(Collection entries)

* * *

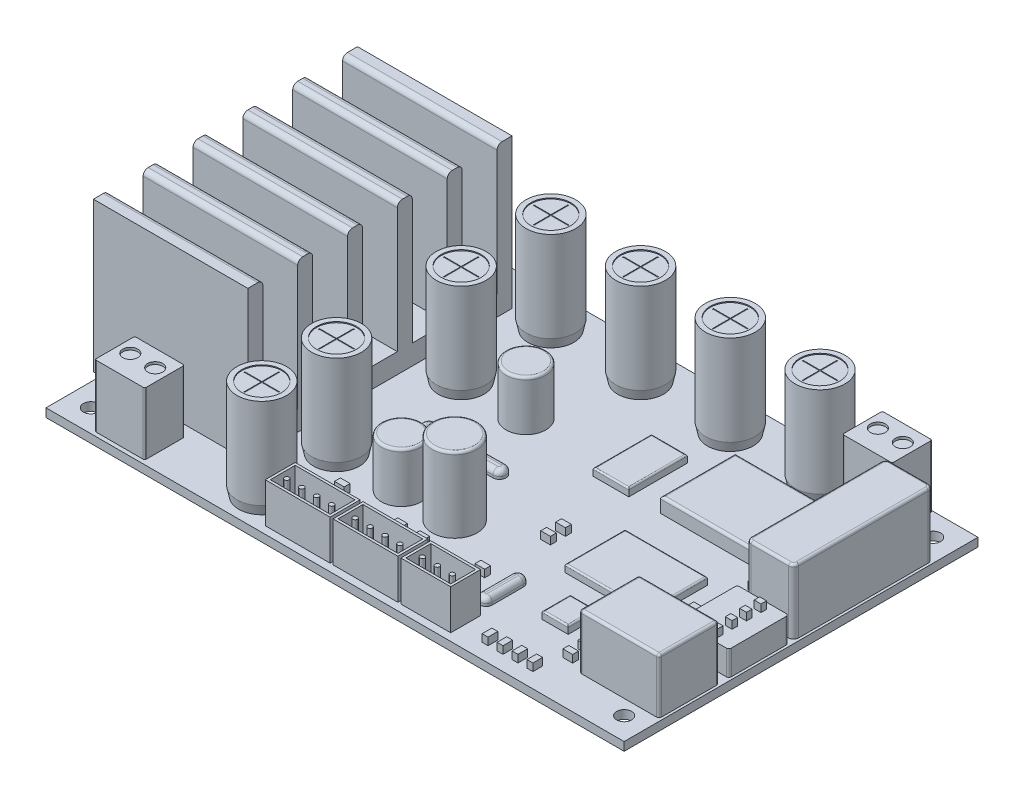
from build123d import *

# Parameters (mm, degrees)
SKETCH1_W               = 116
SKETCH1_H               = 71
SKETCH1_R               = 1.5
BOSS_EXTRUDE1_DEPTH     = 1.7
SKETCH2_R               = 5
BOSS_EXTRUDE2_DEPTH     = 20
SKETCH3_R               = 4
CUT_EXTRUDE1_DEPTH      = 0.2
SKETCH4_W               = 0.2
SKETCH4_H               = 3.4
SKETCH4_W_2             = 3.4
SKETCH4_H_2             = 0.2
CUT_EXTRUDE2_DEPTH      = 0.1
SKETCH5_R               = 5.6
SKETCH5_R_2             = 4.6
CUT_EXTRUDE_THIN1_DEPTH = 2
CUT_EXTRUDE_THIN1_DRAFT = 12
LPATTERN1_START         = 3.581851944
LPATTERN1_OUTLINE_R     = 5
LPATTERN1_DEPTH         = 17.818148056
LPATTERN1_START_2       = 1.7
LPATTERN1_2_OUTLINE_R   = 4
LPATTERN1_2_DEPTH       = 19.7
LPATTERN1_START_3       = 21.4
LPATTERN1_3_OUTLINE_R   = 5
LPATTERN1_3_OUTLINE_R_2 = 4
LPATTERN1_3_DEPTH       = 0.3
LPATTERN1_4_OUTLINE_R   = 4
LPATTERN1_4_DEPTH       = 0.1
BOSS_EXTRUDE3_DEPTH     = 12.5
SKETCH7_R               = 1.5
CUT_EXTRUDE3_DEPTH      = 0.5
LPATTERN2_COUNT         = 2
LPATTERN2_PITCH         = 88
LPATTERN2_COUNT_DIR2    = 2
LPATTERN2_PITCH_DIR2    = 62
SKETCH8_W               = 15
SKETCH8_H               = 35
BOSS_EXTRUDE4_DEPTH     = 2
SKETCH9_W               = 31
SKETCH9_H               = 53
BOSS_EXTRUDE5_DEPTH     = 30
CUT_EXTRUDE5_DEPTH      = 31
SKETCH11_R              = 4
BOSS_EXTRUDE6_DEPTH     = 10
FILLET1_R               = 0.5
SKETCH12_R              = 4.5
BOSS_EXTRUDE7_DEPTH     = 15
FILLET2_R               = 0.5
SKETCH13_W              = 13
SKETCH13_H              = 6
SKETCH13_W_2            = 10
BOSS_EXTRUDE8_DEPTH     = 8
SKETCH14_W              = 12
SKETCH14_H              = 5
SKETCH14_R              = 0.459808867
SKETCH14_W_2            = 9
CUT_EXTRUDE6_DEPTH      = 6
BOSS_EXTRUDE9_DEPTH     = 13
FILLET3_R               = 0.5
BOSS_EXTRUDE10_DEPTH    = 5
SKETCH17_W              = 1.363659291
SKETCH17_H              = 1.107973174
BOSS_EXTRUDE11_DEPTH    = 1.5
BOSS_EXTRUDE12_DEPTH    = 11
FILLET4_R               = 0.5
SKETCH19_W              = 20
SKETCH19_H              = 15
SKETCH19_W_2            = 3
SKETCH19_H_2            = 2
BOSS_EXTRUDE13_DEPTH    = 3
FILLET5_R               = 0.5
SKETCH20_W              = 7.169338187
SKETCH20_H              = 11.731644306
SKETCH20_W_2            = 16.511203098
SKETCH20_H_2            = 12.070508149
SKETCH20_W_3            = 5.214064136
SKETCH20_H_3            = 5.648569481
SKETCH20_W_4            = 1.946575624
SKETCH20_H_4            = 1.189529037
SKETCH20_W_5            = 1.189529037
SKETCH20_H_5            = 1.946575624
BOSS_EXTRUDE14_DEPTH    = 1.5
FILLET6_R               = 1
FILLET7_R               = 0.3


with BuildPart() as part:
    # Sketch1 → Boss-Extrude1 (new body)
    with BuildSketch(Plane(origin=(0, 0, 0), x_dir=(1, 0, 0), z_dir=(0, 1, 0))):
        Rectangle(SKETCH1_W, SKETCH1_H)
        with Locations(Location((53.5, 31, 0), (0, 0, 270))):
            Circle(SKETCH1_R, mode=Mode.SUBTRACT)
        with Locations(Location((-53.5, 31, 0), (0, 0, 90))):
            Circle(SKETCH1_R, mode=Mode.SUBTRACT)
        with Locations(Location((53.5, -31, 0), (0, 0, 90))):
            Circle(SKETCH1_R, mode=Mode.SUBTRACT)
        with Locations(Location((-53.5, -31, 0), (0, 0, 270))):
            Circle(SKETCH1_R, mode=Mode.SUBTRACT)
    extrude(amount=BOSS_EXTRUDE1_DEPTH)

    # Sketch2 → Boss-Extrude2 (add)
    with BuildSketch(Plane(origin=(0, 1.7, 0), x_dir=(1, 0, 0), z_dir=(0, 1, 0))):
        with Locations(Location((33, 28.8, 0), (0, 0, 90))):
            Circle(SKETCH2_R)
    extrude(amount=BOSS_EXTRUDE2_DEPTH)

    # Sketch3 → Cut-Extrude1 (cut)
    with BuildSketch(Plane(origin=(0, 21.7, 0), x_dir=(1, 0, 0), z_dir=(0, 1, 0))):
        with Locations(Location((33, 28.8, 0), (0, 0, 270))):
            Circle(SKETCH3_R)
    extrude(amount=-CUT_EXTRUDE1_DEPTH, mode=Mode.SUBTRACT)

    # Sketch4 → Cut-Extrude2 (cut)
    with BuildSketch(Plane(origin=(0, 21.5, 0), x_dir=(1, 0, 0), z_dir=(0, 1, 0))):
        with Locations((33, 30.6)):
            Rectangle(SKETCH4_W, SKETCH4_H)
        with Locations((34.8, 28.8)):
            Rectangle(SKETCH4_W_2, SKETCH4_H_2)
        with Locations((33, 28.8)):
            Rectangle(SKETCH4_W, SKETCH4_H_2)
        with Locations((31.2, 28.8)):
            Rectangle(SKETCH4_W_2, SKETCH4_H_2)
        with Locations((33, 27)):
            Rectangle(SKETCH4_W, SKETCH4_H)
    extrude(amount=-CUT_EXTRUDE2_DEPTH, mode=Mode.SUBTRACT)


with BuildPart() as cut_extrude_thin1_tool:
    # Sketch5 → Cut-Extrude-Thin1 (with draft: the straight prism first)
    with BuildSketch(Plane(origin=(0, 1.7, 0), x_dir=(1, 0, 0), z_dir=(0, 1, 0))):
        with Locations((33, 28.8)):
            Circle(SKETCH5_R)
        with Locations((33, 28.8)):
            Circle(SKETCH5_R_2, mode=Mode.SUBTRACT)
    extrude(amount=CUT_EXTRUDE_THIN1_DEPTH)
    # Cut-Extrude-Thin1: the draft: its side faces are tilted about the plane it starts from
    cut_extrude_thin1_sides = [cut_extrude_thin1_tool.faces().sort_by_distance(p)[0] for p in [
        (27.4, 2.7, -28.8),
        (28.4, 2.7, -28.8),
    ]]
    draft(cut_extrude_thin1_sides, Plane(origin=(0, 1.7, 0), x_dir=(1, 0, 0), z_dir=(0, 1, 0)), CUT_EXTRUDE_THIN1_DRAFT)


with BuildPart() as part_1:
    add(part.part)

    # Cut-Extrude-Thin1: cut by cut_extrude_thin1_tool
    add(cut_extrude_thin1_tool.part, mode=Mode.SUBTRACT)



with BuildPart() as body_2:
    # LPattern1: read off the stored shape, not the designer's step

* * *

> What you should do: Your answer must be the records above, word for word, with every picture left out.

> Answer:
from build123d import *

# Parameters (mm, degrees)
SKETCH1_W               = 116
SKETCH1_H               = 71
SKETCH1_R               = 1.5
BOSS_EXTRUDE1_DEPTH     = 1.7
SKETCH2_R               = 5
BOSS_EXTRUDE2_DEPTH     = 20
SKETCH3_R               = 4
CUT_EXTRUDE1_DEPTH      = 0.2
SKETCH4_W               = 0.2
SKETCH4_H               = 3.4
SKETCH4_W_2             = 3.4
SKETCH4_H_2             = 0.2
CUT_EXTRUDE2_DEPTH      = 0.1
SKETCH5_R               = 5.6
SKETCH5_R_2             = 4.6
CUT_EXTRUDE_THIN1_DEPTH = 2
CUT_EXTRUDE_THIN1_DRAFT = 12
LPATTERN1_START         = 3.581851944
LPATTERN1_OUTLINE_R     = 5
LPATTERN1_DEPTH         = 17.818148056
LPATTERN1_START_2       = 1.7
LPATTERN1_2_OUTLINE_R   = 4
LPATTERN1_2_DEPTH       = 19.7
LPATTERN1_START_3       = 21.4
LPATTERN1_3_OUTLINE_R   = 5
LPATTERN1_3_OUTLINE_R_2 = 4
LPATTERN1_3_DEPTH       = 0.3
LPATTERN1_4_OUTLINE_R   = 4
LPATTERN1_4_DEPTH       = 0.1
BOSS_EXTRUDE3_DEPTH     = 12.5
SKETCH7_R               = 1.5
CUT_EXTRUDE3_DEPTH      = 0.5
LPATTERN2_COUNT         = 2
LPATTERN2_PITCH         = 88
LPATTERN2_COUNT_DIR2    = 2
LPATTERN2_PITCH_DIR2    = 62
SKETCH8_W               = 15
SKETCH8_H               = 35
BOSS_EXTRUDE4_DEPTH     = 2
SKETCH9_W               = 31
SKETCH9_H               = 53
BOSS_EXTRUDE5_DEPTH     = 30
CUT_EXTRUDE5_DEPTH      = 31
SKETCH11_R              = 4
BOSS_EXTRUDE6_DEPTH     = 10
FILLET1_R               = 0.5
SKETCH12_R              = 4.5
BOSS_EXTRUDE7_DEPTH     = 15
FILLET2_R               = 0.5
SKETCH13_W              = 13
SKETCH13_H              = 6
SKETCH13_W_2            = 10
BOSS_EXTRUDE8_DEPTH     = 8
SKETCH14_W              = 12
SKETCH14_H              = 5
SKETCH14_R              = 0.459808867
SKETCH14_W_2            = 9
CUT_EXTRUDE6_DEPTH      = 6
BOSS_EXTRUDE9_DEPTH     = 13
FILLET3_R               = 0.5
BOSS_EXTRUDE10_DEPTH    = 5
SKETCH17_W              = 1.363659291
SKETCH17_H              = 1.107973174
BOSS_EXTRUDE11_DEPTH    = 1.5
BOSS_EXTRUDE12_DEPTH    = 11
FILLET4_R               = 0.5
SKETCH19_W              = 20
SKETCH19_H              = 15
SKETCH19_W_2            = 3
SKETCH19_H_2            = 2
BOSS_EXTRUDE13_DEPTH    = 3
FILLET5_R               = 0.5
SKETCH20_W              = 7.169338187
SKETCH20_H              = 11.731644306
SKETCH20_W_2            = 16.511203098
SKETCH20_H_2            = 12.070508149
SKETCH20_W_3            = 5.214064136
SKETCH20_H_3            = 5.648569481
SKETCH20_W_4            = 1.946575624
SKETCH20_H_4            = 1.189529037
SKETCH20_W_5            = 1.189529037
SKETCH20_H_5            = 1.946575624
BOSS_EXTRUDE14_DEPTH    = 1.5
FILLET6_R               = 1
FILLET7_R               = 0.3


with BuildPart() as part:
    # Sketch1 → Boss-Extrude1 (new body)
    with BuildSketch(Plane(origin=(0, 0, 0), x_dir=(1, 0, 0), z_dir=(0, 1, 0))):
        Rectangle(SKETCH1_W, SKETCH1_H)
        with Locations(Location((53.5, 31, 0), (0, 0, 270))):
            Circle(SKETCH1_R, mode=Mode.SUBTRACT)
        with Locations(Location((-53.5, 31, 0), (0, 0, 90))):
            Circle(SKETCH1_R, mode=Mode.SUBTRACT)
        with Locations(Location((53.5, -31, 0), (0, 0, 90))):
            Circle(SKETCH1_R, mode=Mode.SUBTRACT)
        with Locations(Location((-53.5, -31, 0), (0, 0, 270))):
            Circle(SKETCH1_R, mode=Mode.SUBTRACT)
    extrude(amount=BOSS_EXTRUDE1_DEPTH)

    # Sketch2 → Boss-Extrude2 (add)
    with BuildSketch(Plane(origin=(0, 1.7, 0), x_dir=(1, 0, 0), z_dir=(0, 1, 0))):
        with Locations(Location((33, 28.8, 0), (0, 0, 90))):
            Circle(SKETCH2_R)
    extrude(amount=BOSS_EXTRUDE2_DEPTH)

    # Sketch3 → Cut-Extrude1 (cut)
    with BuildSketch(Plane(origin=(0, 21.7, 0), x_dir=(1, 0, 0), z_dir=(0, 1, 0))):
        with Locations(Location((33, 28.8, 0), (0, 0, 270))):
            Circle(SKETCH3_R)
    extrude(amount=-CUT_EXTRUDE1_DEPTH, mode=Mode.SUBTRACT)

    # Sketch4 → Cut-Extrude2 (cut)
    with BuildSketch(Plane(origin=(0, 21.5, 0), x_dir=(1, 0, 0), z_dir=(0, 1, 0))):
        with Locations((33, 30.6)):
            Rectangle(SKETCH4_W, SKETCH4_H)
        with Locations((34.8, 28.8)):
            Rectangle(SKETCH4_W_2, SKETCH4_H_2)
        with Locations((33, 28.8)):
            Rectangle(SKETCH4_W, SKETCH4_H_2)
        with Locations((31.2, 28.8)):
            Rectangle(SKETCH4_W_2, SKETCH4_H_2)
        with Locations((33, 27)):
            Rectangle(SKETCH4_W, SKETCH4_H)
    extrude(amount=-CUT_EXTRUDE2_DEPTH, mode=Mode.SUBTRACT)


with BuildPart() as cut_extrude_thin1_tool:
    # Sketch5 → Cut-Extrude-Thin1 (with draft: the straight prism first)
    with BuildSketch(Plane(origin=(0, 1.7, 0), x_dir=(1, 0, 0), z_dir=(0, 1, 0))):
        with Locations((33, 28.8)):
            Circle(SKETCH5_R)
        with Locations((33, 28.8)):
            Circle(SKETCH5_R_2, mode=Mode.SUBTRACT)
    extrude(amount=CUT_EXTRUDE_THIN1_DEPTH)
    # Cut-Extrude-Thin1: the draft: its side faces are tilted about the plane it starts from
    cut_extrude_thin1_sides = [cut_extrude_thin1_tool.faces().sort_by_distance(p)[0] for p in [
        (27.4, 2.7, -28.8),
        (28.4, 2.7, -28.8),
    ]]
    draft(cut_extrude_thin1_sides, Plane(origin=(0, 1.7, 0), x_dir=(1, 0, 0), z_dir=(0, 1, 0)), CUT_EXTRUDE_THIN1_DRAFT)


with BuildPart() as part_1:
    add(part.part)

    # Cut-Extrude-Thin1: cut by cut_extrude_thin1_tool
    add(cut_extrude_thin1_tool.part, mode=Mode.SUBTRACT)



with BuildPart() as body_2:
    # LPattern1: read off the stored shape, not the designer's step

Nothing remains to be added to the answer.